> TASK INSTRUCTIONS
Please give the entries below again exactly, omitting every picture.

[Records contained in a dataset]
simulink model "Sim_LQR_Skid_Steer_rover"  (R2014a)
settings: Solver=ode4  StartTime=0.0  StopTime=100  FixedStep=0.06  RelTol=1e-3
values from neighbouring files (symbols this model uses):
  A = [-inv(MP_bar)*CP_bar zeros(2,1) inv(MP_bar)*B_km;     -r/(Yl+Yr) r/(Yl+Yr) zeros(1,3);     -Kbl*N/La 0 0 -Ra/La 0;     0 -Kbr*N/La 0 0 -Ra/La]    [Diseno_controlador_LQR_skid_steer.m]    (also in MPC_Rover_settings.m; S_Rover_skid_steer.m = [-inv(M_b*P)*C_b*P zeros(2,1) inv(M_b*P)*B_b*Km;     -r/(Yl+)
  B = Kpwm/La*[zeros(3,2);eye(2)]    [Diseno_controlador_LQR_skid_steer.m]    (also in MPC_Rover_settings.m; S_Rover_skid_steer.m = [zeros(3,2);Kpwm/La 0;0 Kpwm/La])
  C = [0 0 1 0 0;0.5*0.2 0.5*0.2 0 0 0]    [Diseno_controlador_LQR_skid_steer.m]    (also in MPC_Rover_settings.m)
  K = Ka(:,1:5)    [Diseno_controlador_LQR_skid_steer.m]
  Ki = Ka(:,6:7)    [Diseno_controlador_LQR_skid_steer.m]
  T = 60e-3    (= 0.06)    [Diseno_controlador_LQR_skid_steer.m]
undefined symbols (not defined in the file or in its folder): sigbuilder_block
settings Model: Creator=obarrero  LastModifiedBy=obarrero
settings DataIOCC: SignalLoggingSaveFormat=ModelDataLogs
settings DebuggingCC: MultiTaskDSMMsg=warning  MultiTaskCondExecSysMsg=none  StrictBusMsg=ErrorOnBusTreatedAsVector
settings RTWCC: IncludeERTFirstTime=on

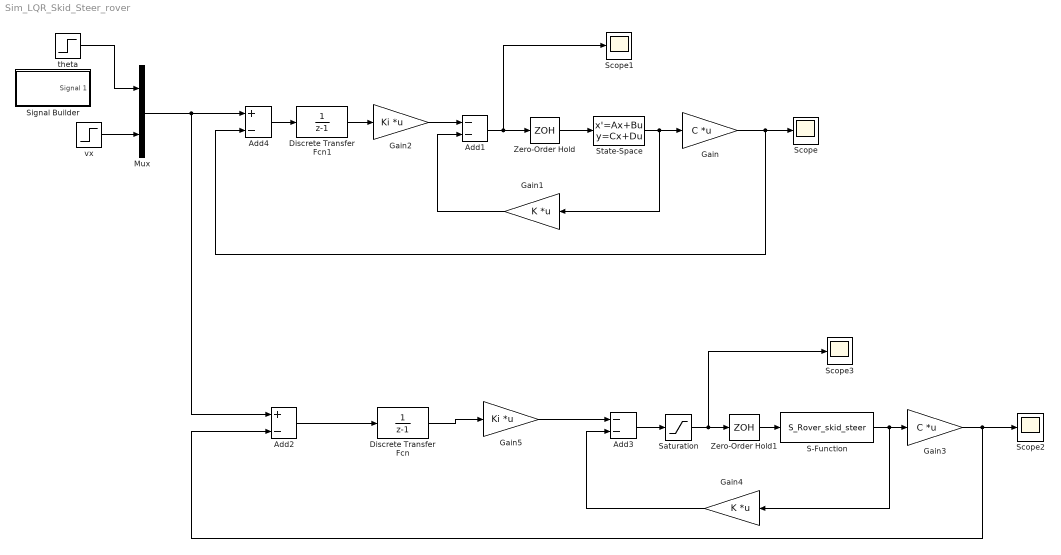
== system Sim_LQR_Skid_Steer_rover ==
  Add1 : Sum  Inputs=--
  Add2 : Sum  Inputs=+-
  Add3 : Sum  Inputs=--
  Add4 : Sum  Inputs=+-
  Discrete Transfer Fcn : DiscreteTransferFcn  Denominator=[1 -1]  SampleTime=T
  Discrete Transfer Fcn1 : DiscreteTransferFcn  Denominator=[1 -1]  SampleTime=T
  Gain : Gain  Gain=C  Multiplication=Matrix(K*u) (u vector)  SampleTime=T
  Gain1 : Gain  Gain=K  Multiplication=Matrix(K*u) (u vector)  SampleTime=T
  Gain2 : Gain  Gain=Ki  Multiplication=Matrix(K*u) (u vector)  SampleTime=T
  Gain3 : Gain  Gain=C  Multiplication=Matrix(K*u) (u vector)  SampleTime=T
  Gain4 : Gain  Gain=K  Multiplication=Matrix(K*u) (u vector)  SampleTime=T
  Gain5 : Gain  Gain=Ki  Multiplication=Matrix(K*u) (u vector)  SampleTime=T
  Mux : Mux  Inputs=2
  S-Function : S-Function  FunctionName=S_Rover_skid_steer  EnableBusSupport=off
  Saturation : Saturate  UpperLimit=100  LowerLimit=-100
  Scope{,1..3} (4 alike) : Scope
      Scope settings: YMin=0  YMax=0.11
      Scope2 settings: YMin=-0.5  YMax=7  SaveName=ScopeData2
      Scope3 settings: YMin=-60  YMax=80  SaveName=ScopeData3
  Signal Builder : Subsystem  Tag=STV Subsys  LoadFcn=sigbuilder_block('load');  StartFcn=sigbuilder_block('start');  StopFcn=sigbuilder_block('stop');  ClipboardFcn=sigbuilder_block('clipboard');  mask(Sigbuilder block){}
      mask help: Simulink:masks:SigbuilderBlock_MD
      mask init:
      | if ~strcmp(get_param(bdroot(gcbh),'SimulationStatus'),'stopped') tuvar = sigbuilder_block('maskInit'); end
      settings: CopyFcn=sigbuilder_block('copy');  DeleteFcn=sigbuilder_block('delete');  ModelCloseFcn=sigbuilder_block('modelClose');  PreSaveFcn=sigbuilder_block('preSave');  PauseFcn=sigbuilder_block('pause');  ContinueFcn=sigbuilder_block('continue');  NameChangeFcn=sigbuilder_block('namechange');  OpenFcn=sigbuilder_block('open',[439.5 117 550.5 395.25 ]);  CloseFcn=sigbuilder_block('close');
      mask Display: plot(0, 0, 100, 100,[2, 2, 32, 32, 2], [68, 8, 8, 68, 68],[32, 2], [38, 38], [32, 19, 2],[53, 60, 44], [32, 17, 17, 2],[16, 16, 31, 31]);txt = getActiveGroup(gcbh);text(2, 100, txt,'verticalAlignment', 'top');
  State-Space : StateSpace  A=A  B=B  C=eye(5)  D=zeros(5,2)  X0=[0 0 0.92 0 0]
  Zero-Order Hold : ZeroOrderHold  SampleTime=T
  Zero-Order Hold1 : ZeroOrderHold  SampleTime=T
  theta : Step  Time=0  After=pi/4  SampleTime=0
  vx : Step  Time=0  SampleTime=0
  wires:
  Zero-Order Hold/1 -> State-Space/1
  State-Space/1 -> Gain1/1, Gain/1
  Gain/1 -> Add4/2, Scope/1
  Add1/1 -> Scope1/1, Zero-Order Hold/1
  Gain1/1 -> Add1/2
  Gain2/1 -> Add1/1
  vx/1 -> Mux/2
  Zero-Order Hold1/1 -> S-Function/1
  Add3/1 -> Saturation/1
  Gain4/1 -> Add3/2
  S-Function/1 -> Gain4/1, Gain3/1
  Saturation/1 -> Scope3/1, Zero-Order Hold1/1
  Mux/1 -> Add2/1, Add4/1
  theta/1 -> Mux/1
  Gain3/1 -> Add2/2, Scope2/1
  Add2/1 -> Discrete Transfer Fcn/1
  Discrete Transfer Fcn/1 -> Gain5/1
  Gain5/1 -> Add3/1
  Add4/1 -> Discrete Transfer Fcn1/1
  Discrete Transfer Fcn1/1 -> Gain2/1

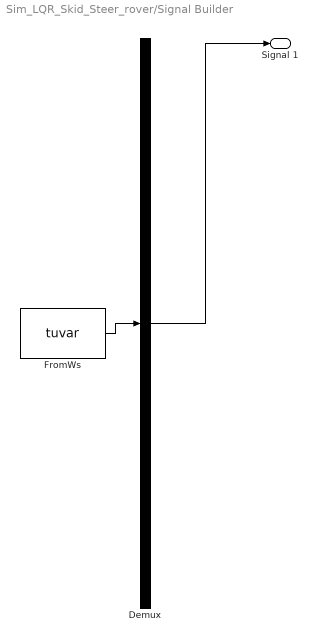
== system Sim_LQR_Skid_Steer_rover/Signal Builder ==
  Demux : Demux  Tag=STV Demux  Outputs=1
  FromWs : FromWorkspace  Tag=STV FromWs  VariableName=tuvar  SampleTime=0
      SigBuilderData=|
      | common.afterFinalStr = 'Extrapolate'
      | common.sampleTime = 0
      | dataSet.timeRange = [0 100]
      | dataSet.name = 'Group 1'
      | sbobj.Groups.Name = 'Group 1'
      | sbobj.Groups.Signals.Name = 'Signal 1'
      | sbobj.Groups.Signals.XData = [0 10 15 25 30 40 45 55 60 100]
      | sbobj.Groups.Signals.YData = [0 0 1.57079632679 1.58 3.14159265359 3.14159265359 4.71238898038 4.71238898038 6.28318530718 6.28318530718]
      | sbobj.Groups.TimeRange = [0 100]
  Signal 1 : Outport  Tag=STV Outport
  wires:
  Demux/1 -> Signal 1/1
  FromWs/1 -> Demux/1

> SOLUTION TO THE PROBLEM
simulink model "Sim_LQR_Skid_Steer_rover"  (R2014a)
settings: Solver=ode4  StartTime=0.0  StopTime=100  FixedStep=0.06  RelTol=1e-3
values from neighbouring files (symbols this model uses):
  A = [-inv(MP_bar)*CP_bar zeros(2,1) inv(MP_bar)*B_km;     -r/(Yl+Yr) r/(Yl+Yr) zeros(1,3);     -Kbl*N/La 0 0 -Ra/La 0;     0 -Kbr*N/La 0 0 -Ra/La]    [Diseno_controlador_LQR_skid_steer.m]    (also in MPC_Rover_settings.m; S_Rover_skid_steer.m = [-inv(M_b*P)*C_b*P zeros(2,1) inv(M_b*P)*B_b*Km;     -r/(Yl+)
  B = Kpwm/La*[zeros(3,2);eye(2)]    [Diseno_controlador_LQR_skid_steer.m]    (also in MPC_Rover_settings.m; S_Rover_skid_steer.m = [zeros(3,2);Kpwm/La 0;0 Kpwm/La])
  C = [0 0 1 0 0;0.5*0.2 0.5*0.2 0 0 0]    [Diseno_controlador_LQR_skid_steer.m]    (also in MPC_Rover_settings.m)
  K = Ka(:,1:5)    [Diseno_controlador_LQR_skid_steer.m]
  Ki = Ka(:,6:7)    [Diseno_controlador_LQR_skid_steer.m]
  T = 60e-3    (= 0.06)    [Diseno_controlador_LQR_skid_steer.m]
undefined symbols (not defined in the file or in its folder): sigbuilder_block
settings Model: Creator=obarrero  LastModifiedBy=obarrero
settings DataIOCC: SignalLoggingSaveFormat=ModelDataLogs
settings DebuggingCC: MultiTaskDSMMsg=warning  MultiTaskCondExecSysMsg=none  StrictBusMsg=ErrorOnBusTreatedAsVector
settings RTWCC: IncludeERTFirstTime=on

== system Sim_LQR_Skid_Steer_rover ==
  Add1 : Sum  Inputs=--
  Add2 : Sum  Inputs=+-
  Add3 : Sum  Inputs=--
  Add4 : Sum  Inputs=+-
  Discrete Transfer Fcn : DiscreteTransferFcn  Denominator=[1 -1]  SampleTime=T
  Discrete Transfer Fcn1 : DiscreteTransferFcn  Denominator=[1 -1]  SampleTime=T
  Gain : Gain  Gain=C  Multiplication=Matrix(K*u) (u vector)  SampleTime=T
  Gain1 : Gain  Gain=K  Multiplication=Matrix(K*u) (u vector)  SampleTime=T
  Gain2 : Gain  Gain=Ki  Multiplication=Matrix(K*u) (u vector)  SampleTime=T
  Gain3 : Gain  Gain=C  Multiplication=Matrix(K*u) (u vector)  SampleTime=T
  Gain4 : Gain  Gain=K  Multiplication=Matrix(K*u) (u vector)  SampleTime=T
  Gain5 : Gain  Gain=Ki  Multiplication=Matrix(K*u) (u vector)  SampleTime=T
  Mux : Mux  Inputs=2
  S-Function : S-Function  FunctionName=S_Rover_skid_steer  EnableBusSupport=off
  Saturation : Saturate  UpperLimit=100  LowerLimit=-100
  Scope{,1..3} (4 alike) : Scope
      Scope settings: YMin=0  YMax=0.11
      Scope2 settings: YMin=-0.5  YMax=7  SaveName=ScopeData2
      Scope3 settings: YMin=-60  YMax=80  SaveName=ScopeData3
  Signal Builder : Subsystem  Tag=STV Subsys  LoadFcn=sigbuilder_block('load');  StartFcn=sigbuilder_block('start');  StopFcn=sigbuilder_block('stop');  ClipboardFcn=sigbuilder_block('clipboard');  mask(Sigbuilder block){}
      mask help: Simulink:masks:SigbuilderBlock_MD
      mask init:
      | if ~strcmp(get_param(bdroot(gcbh),'SimulationStatus'),'stopped') tuvar = sigbuilder_block('maskInit'); end
      settings: CopyFcn=sigbuilder_block('copy');  DeleteFcn=sigbuilder_block('delete');  ModelCloseFcn=sigbuilder_block('modelClose');  PreSaveFcn=sigbuilder_block('preSave');  PauseFcn=sigbuilder_block('pause');  ContinueFcn=sigbuilder_block('continue');  NameChangeFcn=sigbuilder_block('namechange');  OpenFcn=sigbuilder_block('open',[439.5 117 550.5 395.25 ]);  CloseFcn=sigbuilder_block('close');
      mask Display: plot(0, 0, 100, 100,[2, 2, 32, 32, 2], [68, 8, 8, 68, 68],[32, 2], [38, 38], [32, 19, 2],[53, 60, 44], [32, 17, 17, 2],[16, 16, 31, 31]);txt = getActiveGroup(gcbh);text(2, 100, txt,'verticalAlignment', 'top');
  State-Space : StateSpace  A=A  B=B  C=eye(5)  D=zeros(5,2)  X0=[0 0 0.92 0 0]
  Zero-Order Hold : ZeroOrderHold  SampleTime=T
  Zero-Order Hold1 : ZeroOrderHold  SampleTime=T
  theta : Step  Time=0  After=pi/4  SampleTime=0
  vx : Step  Time=0  SampleTime=0
  wires:
  Zero-Order Hold/1 -> State-Space/1
  State-Space/1 -> Gain1/1, Gain/1
  Gain/1 -> Add4/2, Scope/1
  Add1/1 -> Scope1/1, Zero-Order Hold/1
  Gain1/1 -> Add1/2
  Gain2/1 -> Add1/1
  vx/1 -> Mux/2
  Zero-Order Hold1/1 -> S-Function/1
  Add3/1 -> Saturation/1
  Gain4/1 -> Add3/2
  S-Function/1 -> Gain4/1, Gain3/1
  Saturation/1 -> Scope3/1, Zero-Order Hold1/1
  Mux/1 -> Add2/1, Add4/1
  theta/1 -> Mux/1
  Gain3/1 -> Add2/2, Scope2/1
  Add2/1 -> Discrete Transfer Fcn/1
  Discrete Transfer Fcn/1 -> Gain5/1
  Gain5/1 -> Add3/1
  Add4/1 -> Discrete Transfer Fcn1/1
  Discrete Transfer Fcn1/1 -> Gain2/1

== system Sim_LQR_Skid_Steer_rover/Signal Builder ==
  Demux : Demux  Tag=STV Demux  Outputs=1
  FromWs : FromWorkspace  Tag=STV FromWs  VariableName=tuvar  SampleTime=0
      SigBuilderData=|
      | common.afterFinalStr = 'Extrapolate'
      | common.sampleTime = 0
      | dataSet.timeRange = [0 100]
      | dataSet.name = 'Group 1'
      | sbobj.Groups.Name = 'Group 1'
      | sbobj.Groups.Signals.Name = 'Signal 1'
      | sbobj.Groups.Signals.XData = [0 10 15 25 30 40 45 55 60 100]
      | sbobj.Groups.Signals.YData = [0 0 1.57079632679 1.58 3.14159265359 3.14159265359 4.71238898038 4.71238898038 6.28318530718 6.28318530718]
      | sbobj.Groups.TimeRange = [0 100]
  Signal 1 : Outport  Tag=STV Outport
  wires:
  Demux/1 -> Signal 1/1
  FromWs/1 -> Demux/1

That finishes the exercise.